=== Begin Enclosure ===

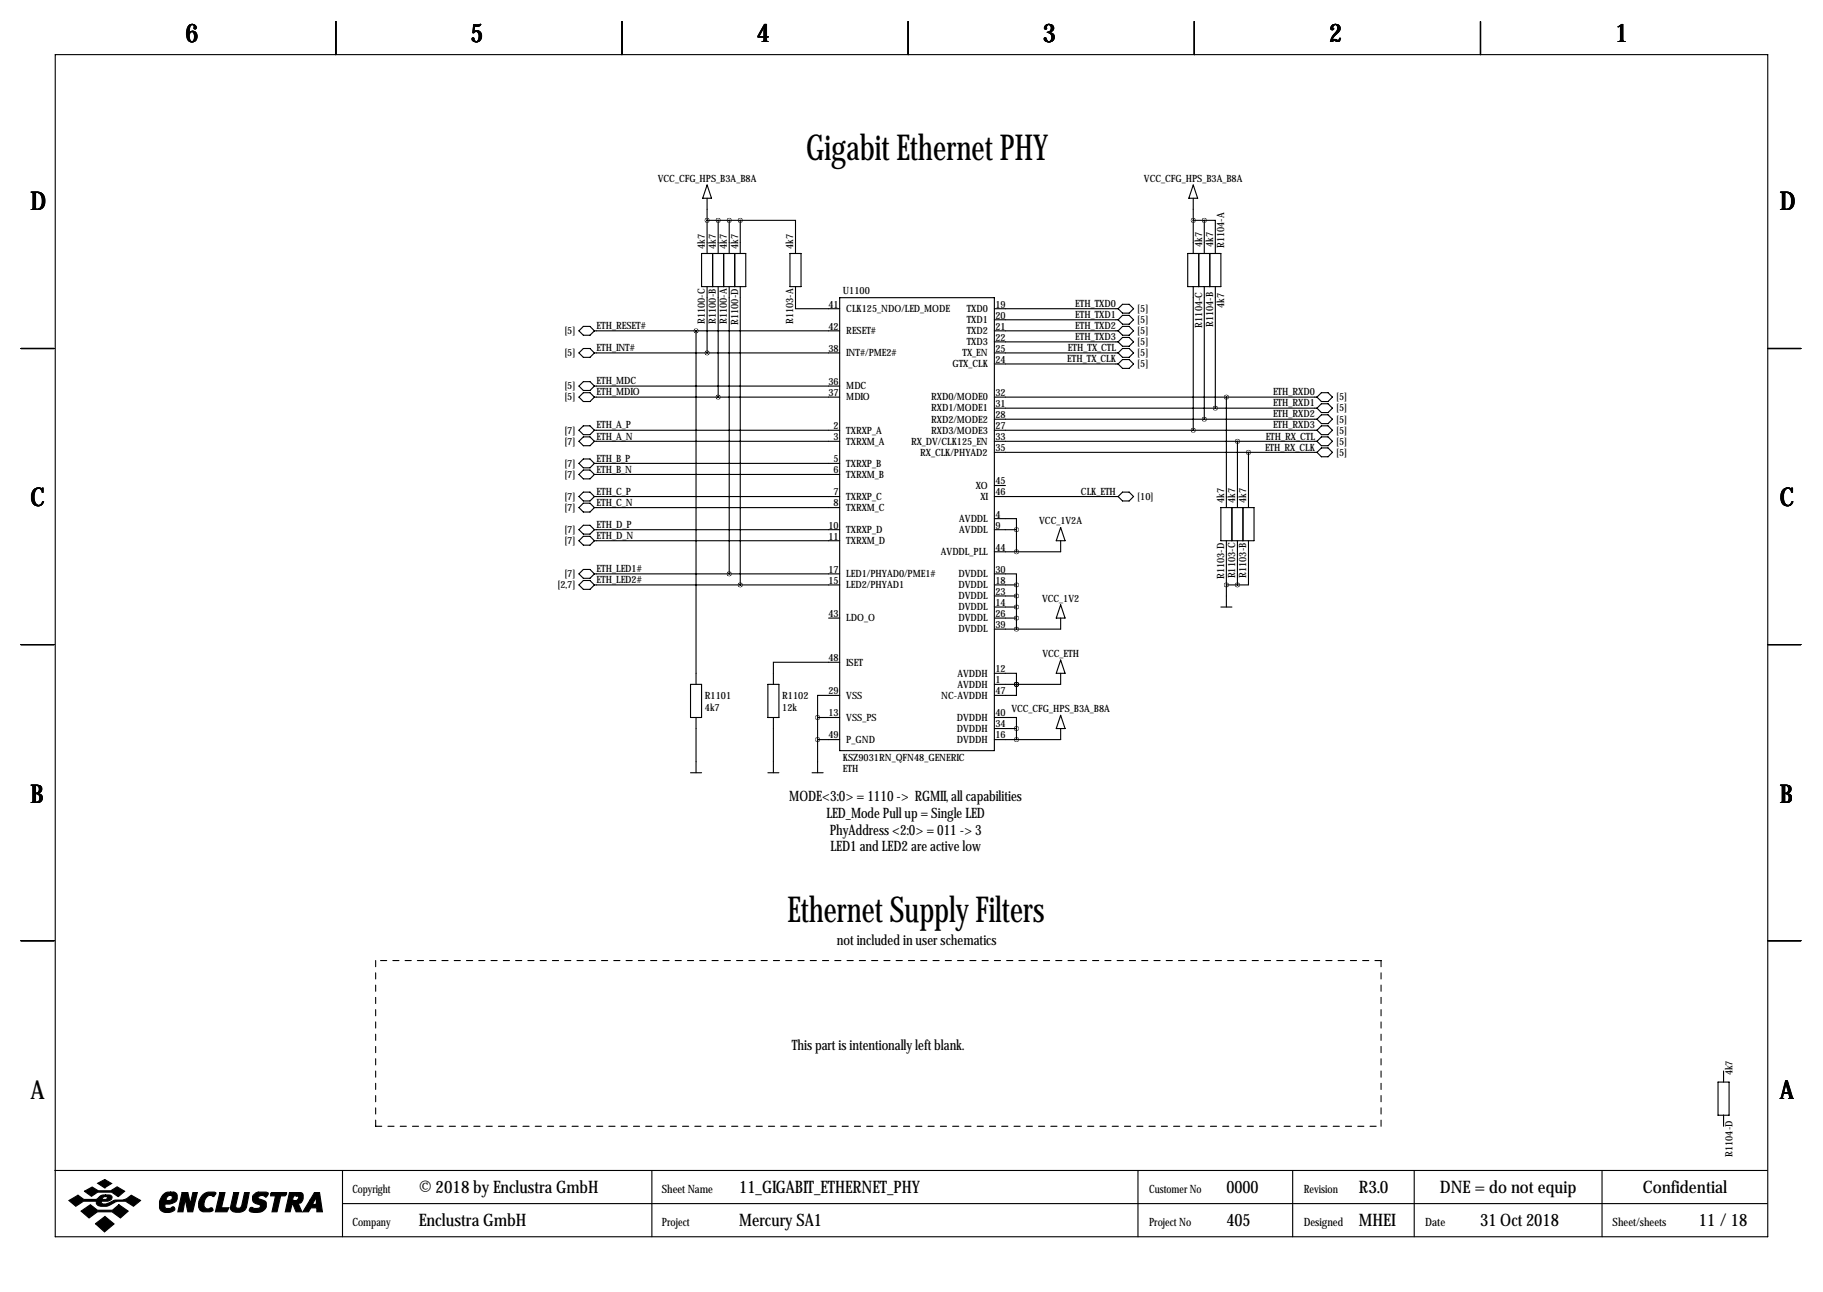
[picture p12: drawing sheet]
<svg xmlns="http://www.w3.org/2000/svg" width="419mm" height="297mm" viewBox="0 0 419 297" stroke-linecap="round" stroke-linejoin="round" font-family="sans-serif">
<g fill="none" stroke="#000" stroke-width=".25">
<path d="M12.7 12.6h393.7v271.7h-393.7zM77.2 4.9v7.7M143 4.9v7.7M208.8 4.9v7.7M274.6 4.9v7.7M340.4 4.9v7.7M161.3 58.3h10.1v7.6h-10.1zM162.6 45.6v12.7M162.6 42.5l1 3.1h-2.1zM162.6 50.7h7.6M163.8 58.3v7.6M165.1 50.7v7.6"/>
<path d="M166.4 58.3v7.6M167.6 50.7v7.6M168.9 58.3v7.6M170.2 50.7h12.7v7.6M170.2 50.7v7.6M181.6 58.3h2.5v7.6h-2.5zM273 58.3h7.7v7.6h-7.7zM274.3 45.6v12.7M274.3 42.5l1 3.1h-2zM274.3 50.7h2.6M275.6 58.3v7.6M276.9 50.7h2.5v7.6"/>
<path d="M276.9 50.7v7.6M278.1 58.3v7.6M133.1 76.1l1-1.1h1.5l1.1 1.1-1.1 1h-1.5zM136.7 76.1h56.3M160 76.1v81.2M162.6 65.9v15.2M165.1 65.9v25.4M167.6 65.9v66M170.2 65.9v68.6M182.9 65.9v5.1h10.1M193 68.4h35.6v104.2h-35.6zM228.6 71h28.4"/>
<path d="M228.6 76.1h28.4M228.6 73.5h28.4M228.6 78.6h28.4M257 76.1l1.1-1.1h1.5l1 1.1-1 1h-1.5zM258.1 70h1.5l1 1-1 1h-1.5l-1.1-1zM258.1 72.5h1.5l1 1-1 1h-1.5l-1.1-1zM258.1 77.6h1.5l1 1-1 1h-1.5l-1.1-1zM274.3 65.9v33M276.9 65.9v30.5M279.4 65.9v27.9M4.8 80.1h7.6M133.1 81.1l1-1h1.5l1.1 1-1.1 1.1h-1.5z"/>
<path d="M133.1 88.8l1-1.1h1.5l1.1 1.1-1.1 1h-1.5zM133.1 91.3l1-1h1.5l1.1 1-1.1 1h-1.5zM133.1 98.9l1-1h1.5l1.1 1-1.1 1h-1.5zM136.7 81.1h56.3M136.7 88.8h56.3M136.7 91.3h56.3M136.7 98.9h56.3M228.6 81.1h28.4M228.6 91.3h74.2M228.6 98.9h74.2M228.6 83.7h28.4M228.6 93.8h74.2"/>
<path d="M228.6 96.4h74.2M257 81.1l1.1-1h1.5l1 1-1 1.1h-1.5zM258.1 82.7h1.5l1 1-1 1h-1.5l-1.1-1zM281.9 91.3v25.4M302.8 91.3l1-1h1.5l1 1-1 1h-1.5zM302.8 98.9l1-1h1.5l1 1-1 1h-1.5zM303.8 92.8h1.5l1 1-1 1.1h-1.5l-1-1.1zM303.8 95.4h1.5l1 1-1 1h-1.5l-1-1zM406.4 80.1h7.6M133.1 101.5l1-1.1h1.5l1.1 1.1-1.1 1h-1.5zM133.1 106.5l1-1h1.5l1.1 1-1.1 1.1h-1.5zM133.1 109.1l1-1h1.5l1.1 1-1.1 1h-1.5z"/>
<path d="M133.1 114.2l1-1.1h1.5l1.1 1.1-1.1 1h-1.5zM133.1 116.7l1-1h1.5l1.1 1-1.1 1h-1.5zM136.7 101.5h56.3M136.7 106.5h56.3M136.7 109.1h56.3M136.7 114.2h56.3M136.7 116.7h56.3M228.6 119.2h5.1v2.6M228.6 101.5h74.2M228.6 114.2h28.4M228.6 104h74.2M228.6 111.6h2.5"/>
<path d="M257 114.2l1.1-1.1h1.5l1 1.1-1 1h-1.5zM280.7 116.7h7.6v7.6h-7.6zM283.2 116.7v7.6M284.5 101.5v15.2M285.8 116.7v7.6M287 104v12.7M302.8 101.5l1-1.1h1.5l1 1.1-1 1h-1.5zM303.8 103h1.5l1 1-1 1h-1.5l-1-1zM133.1 121.8l1-1h1.5l1.1 1-1.1 1h-1.5zM133.1 124.3l1-1h1.5l1.1 1-1.1 1h-1.5zM133.1 131.9l1-1h1.5l1.1 1-1.1 1.1h-1.5zM133.1 134.5l1-1h1.5l1.1 1-1.1 1h-1.5z"/>
<path d="M136.7 121.8h56.3M136.7 124.3h56.3M136.7 131.9h56.3M136.7 134.5h56.3M228.6 131.9h5.1v2.6M228.6 121.8h5.1M228.6 134.5h5.1M228.6 137h5.1M228.6 139.6h5.1M233.7 121.8v5.1M233.7 134.5v10.1M243.8 121.3l1.1 3h-2.1z"/>
<path d="M243.8 139.1l1.1 3h-2.1zM243.8 124.3v2.6h-15.2M280.7 139.6h2.5M281.9 134.5h2.6M281.9 124.3v15.3M284.5 124.3v10.2M287 124.3v10.2h-2.5M4.8 148.2h7.6M158.7 157.3h2.6v7.7h-2.6zM176.5 157.3h2.6v7.7h-2.6zM190.5 142.1h2.5M193 159.9h-5v5.1"/>
<path d="M193 152.3h-15.2v5M228.6 154.8h5.1v2.5M228.6 142.1h5.1M233.7 157.3h.1M233.7 157.3v2.6h-5.1M243.8 142.1v2.5h-15.2M243.8 151.8l1.1 3h-2.1zM243.8 154.8v2.5h-15.2M406.4 148.2h7.6M158.7 177.7h2.6M160 165v12.7M176.5 177.7h2.6"/>
<path d="M177.8 165v12.7M186.7 177.7h2.5M188 165h5M188 170h5M188 165v12.7M228.6 165h5.1v2.5M228.6 167.5h5.1M233.7 167.5v2.5M243.8 167.5v2.5h-15.2M243.8 164.5l1.1 3h-2.1zM4.8 216.3h7.6M406.4 216.3h7.6"/>
<path d="M395 248.8h2.5v7.6h-2.5zM396.2 246.2v2.6M396.2 256.4v2.5M12.6 269.1h393.7M78.7 269.1v15.2M78.7 276.7h327.6M149.9 269.1v15.2M261.6 269.1v15.2M297.2 269.1v15.2M325.1 269.1v15.2M368.3 269.1v15.2"/>
</g>
<g fill="#000" stroke="#000" stroke-width=".25">
<path d="M15.8 276l2.1-1.2 1.4 1h2.8l.3-.2a1.77 1.77 0 0 1 1.9-.9v.4l-.6 .2-.2 .5h.9l.3-.6-.4-.1v-.4h.9a.59 .59 0 0 1 .6 .7l-.2 .4-.8 .4h-1.4l-.1 .1 .1 .4a3.2 3.2 0 0 0 2.7-.7l.3-.1a4 4 0 0 0 3.8-1.1l2.1 1.2-1.6 1.3a4 4 0 0 0-5.5-.2 2.66 2.66 0 0 1-2.9-.2l-.1-.7h-3l-1.8 1.1zM19.4 273.9l1.8-1 1.4 .9h2.9l1.4-.9 1.8 1-1.5 1.2-1.5-1h-3.2l-1.5 .9zM22.5 272l1.6-.8 1.6 .9-1.6 1zM18.6 278.4l2.2-1.4 1.6 1.2h3.5l1.4-1.2 2.2 1.4-1.8 1.6-1.9-1.4h-3.4l-1.9 1.4zM37.4 274.7a1.75 1.75 0 0 1 1.8-.6v.7a.82 .82 0 0 0-.8 1.2h.6a.6 .6 0 0 0 .6-.5 .6 .6 0 0 0-.4-.7v-.7h.8l.5 .3a1.61 1.61 0 0 1 0 1.7 1.61 1.61 0 0 1-1.5 .7h-1v.9l.2 .1h.9l.7-.4 .4 .4a1.06 1.06 0 0 1-1.3 1 1.82 1.82 0 0 1-2.2-1.1 3.5 3.5 0 0 1 .7-3zM41.9 274.2h1.3l.5 2.6 .6-2.6h1.1l-1.1 4.4h-1.1l-.6-2.9-.5 2.9h-1.2zM46.7 274.6a2.78 2.78 0 0 1 2.9-.4l-.4 .9a1.32 1.32 0 0 0-2.1 .8l-.2 .8a.98 .98 0 0 0 1.1 1.2 .55 .55 0 0 1 .6-.2 .55 .55 0 0 1 .4 .6l-.7 .3-1.8-.1a1.79 1.79 0 0 1-.8-2.3zM50.5 274.2h1.2l-.8 3.5h1.7l-.4 .9h-2.7zM53.7 274.2h1.2l-.7 3.1a.73 .73 0 0 0 .7 .5 .73 .73 0 0 0 .7-.6l.6-3h1.1l-.7 3.4a2.28 2.28 0 0 1-3.6 .4v-.4zM58.3 274.7l.8-.6h2.1l.5 .2v.2l-.6 .7a.96 .96 0 0 0-1-.4 .96 .96 0 0 0-.8 .6l1.7 .8a1.71 1.71 0 0 1-.1 1.8 1.71 1.71 0 0 1-1.7 .8l-1.4-.2a.51 .51 0 0 1-.4-.7 .51 .51 0 0 1 .8-.2l1 .1a.52 .52 0 0 0 .6-.2 .52 .52 0 0 0-.2-.7 1.39 1.39 0 0 1-1.4-.6 1.39 1.39 0 0 1 .1-1.6zM62.2 274.4l.2-.2h3.5l-.1 .4-.3 .3h-1l-.8 3.7h-1.2l.8-3.7h-1.1zM66.5 274.2h1.7v.7h-.7l-.2 1.1h.9l.3-.3a.44 .44 0 0 0 .1-.5 .44 .44 0 0 0-.4-.3v-.7h1l.3 .2 .2 .3v.9a1.03 1.03 0 0 1-1.2 1l.9 2h-1.3l-.8-1.8h-.1l-.5 1.8h-1.1z"/>
<path d="M72.3 274.2h1.2l.6 4.4h-1.3v-.9h-1.3l-.6 .9h-1.3l1.7-2.7h1l-.4 .8 .2 .2h.4l.2-.2v-1.5l-.4 .7h-1zM21.9 281.3l2.2-1.6 2.1 1.7-2.2 1.8z"/>
</g>
<path d="M86.4 220.8v38.1M317.5 220.8h-231.1M86.4 258.9h231.1M317.5 258.9v-38.1" fill="none" stroke="#000" stroke-width=".25" stroke-dasharray="1.4 1.4"/>
<path d="M187.9 165a.05 .05 0 0 0 .1 0 .05 .05 0 0 0-.1 0zM187.9 170a.05 .05 0 0 0 .1 0 .05 .05 0 0 0-.1 0zM233.6 142.1a.05 .05 0 0 0 .1 0 .05 .05 0 0 0-.1 0zM233.6 139.6a.05 .05 0 0 0 .1 0 .05 .05 0 0 0-.1 0zM233.6 137a.05 .05 0 0 0 .1 0 .05 .05 0 0 0-.1 0zM233.6 134.5a.05 .05 0 0 0 .1 0 .05 .05 0 0 0-.1 0zM233.6 157.3a.05 .05 0 0 0 .1 0 .05 .05 0 0 0-.1 0zM274.3 98.9a.05 .05 0 0 0 .1 0 .05 .05 0 0 0-.1 0zM233.6 121.8a.05 .05 0 0 0 .1 0 .05 .05 0 0 0-.1 0zM233.6 167.5a.05 .05 0 0 0 .1 0 .05 .05 0 0 0-.1 0zM233.6 144.6a.05 .05 0 0 0 .1 0 .05 .05 0 0 0-.1 0zM233.6 126.9a.05 .05 0 0 0 .1 0 .05 .05 0 0 0-.1 0zM233.6 170a.05 .05 0 0 0 .1 0 .05 .05 0 0 0-.1 0zM233.6 157.3a.05 .05 0 0 0 .1 0 .05 .05 0 0 0-.1 0zM276.8 96.4a.05 .05 0 0 0 .1 0 .05 .05 0 0 0-.1 0zM276.8 50.7a.05 .05 0 0 0 .1 0 .05 .05 0 0 0-.1 0zM284.4 134.5a.05 .05 0 0 0 .1 0 .05 .05 0 0 0-.1 0zM287 104a.05 .05 0 0 0 .1 0 .05 .05 0 0 0-.1 0zM170.1 50.7a.05 .05 0 0 0 .1 0 .05 .05 0 0 0-.1 0zM162.5 50.7a.05 .05 0 0 0 .1 0 .05 .05 0 0 0-.1 0zM274.3 50.7a.05 .05 0 0 0 .1 0 .05 .05 0 0 0-.1 0zM167.6 50.7a.05 .05 0 0 0 .1 0 .05 .05 0 0 0-.1 0zM284.4 101.5a.05 .05 0 0 0 .1 0 .05 .05 0 0 0-.1 0zM281.9 91.3a.05 .05 0 0 0 .1 0 .05 .05 0 0 0-.1 0zM160 76.1a.05 .05 0 0 0 .1 0 .05 .05 0 0 0-.1 0zM167.6 131.9a.05 .05 0 0 0 .1 0 .05 .05 0 0 0-.1 0zM170.1 134.5a.05 .05 0 0 0 .1 0 .05 .05 0 0 0-.1 0zM162.5 81.1a.05 .05 0 0 0 .1 0 .05 .05 0 0 0-.1 0zM281.9 134.5a.05 .05 0 0 0 .1 0 .05 .05 0 0 0-.1 0z" fill="#000" stroke="#000" stroke-width="1"/>
<g font-size="8.2">
<text x="185.4" y="36.7">Gigabit Ethernet PHY</text>
<text x="181.1" y="211.9">Ethernet Supply Filters</text>
</g>
<g font-size="5.9">
<text x="42.7" y="9.8">6</text>
<text x="108.2" y="9.8">5</text>
<text x="174" y="9.8">4</text>
<text x="239.8" y="9.8">3</text>
<text x="305.6" y="9.8">2</text>
<text x="371.3" y="9.8">1</text>
<text x="7" y="48.4">D</text>
<text x="409.2" y="48.4">D</text>
<text x="7" y="116.4">C</text>
<text x="409.2" y="116.4">C</text>
<text x="7" y="184.5">B</text>
<text x="409.2" y="184.5">B</text>
<text x="7" y="252.6">A</text>
<text x="409.2" y="252.6">A</text>
</g>
<g font-size="4">
<text x="96.3" y="274.2">© 2018 by Enclustra GmbH</text>
<text x="169.9" y="274.2">11_GIGABIT_ETHERNET_PHY</text>
<text x="281.9" y="274.2">0000</text>
<text x="312.4" y="274.2">R3.0</text>
<text x="331" y="274.2">DNE = do not equip</text>
<text x="377.6" y="274.2">Confidential</text>
<text x="96.3" y="281.8">Enclustra GmbH</text>
<text x="169.9" y="281.8">Mercury SA1</text>
<text x="281.9" y="281.8">405</text>
<text x="312.4" y="281.8">MHEI</text>
<text x="340.3" y="281.8">31 Oct 2018</text>
<text x="390.6" y="281.8">11 / 18</text>
</g>
<g font-size="3.3">
<text x="181.5" y="184.3">MODE&lt;3:0&gt; = 1110 -&gt; RGMII, all capabilities</text>
<text x="190" y="188.1">LED_Mode Pull up = Single LED</text>
<text x="190.8" y="191.9">PhyAddress &lt;2:0&gt; = 011 -&gt; 3</text>
<text x="190.9" y="195.7">LED1 and LED2 are active low</text>
<text x="192.4" y="217.3">not included in user schematics</text>
<text x="182" y="241.4">This part is intentionally left blank.</text>
</g>
<g font-size="2.6">
<text x="81" y="274.2">Copyright</text>
<text x="152.1" y="274.2">Sheet Name</text>
<text x="264.2" y="274.2">Customer No</text>
<text x="299.7" y="274.2">Revision</text>
<text x="81" y="281.8">Company</text>
<text x="152.1" y="281.8">Project</text>
<text x="264.2" y="281.8">Project No</text>
<text x="299.7" y="281.8">Designed</text>
<text x="327.7" y="281.8">Date</text>
<text x="370.7" y="281.8">Sheet/sheets</text>
</g>
<g font-size="2.3">
<text x="151.2" y="41.8">VCC_CFG_HPS_B3A_B8A</text>
<text x="263" y="41.8">VCC_CFG_HPS_B3A_B8A</text>
<text x="162.1" y="57.3" transform="rotate(-90 162.1 57.3)">4k7</text>
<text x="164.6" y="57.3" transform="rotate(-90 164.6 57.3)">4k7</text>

=== End Enclosure ===

(Requirement)
Using the records above, report each line that contains the word "rotate" by copying it.

(Solution for this exercise)
<text x="162.1" y="57.3" transform="rotate(-90 162.1 57.3)">4k7</text>
<text x="164.6" y="57.3" transform="rotate(-90 164.6 57.3)">4k7</text>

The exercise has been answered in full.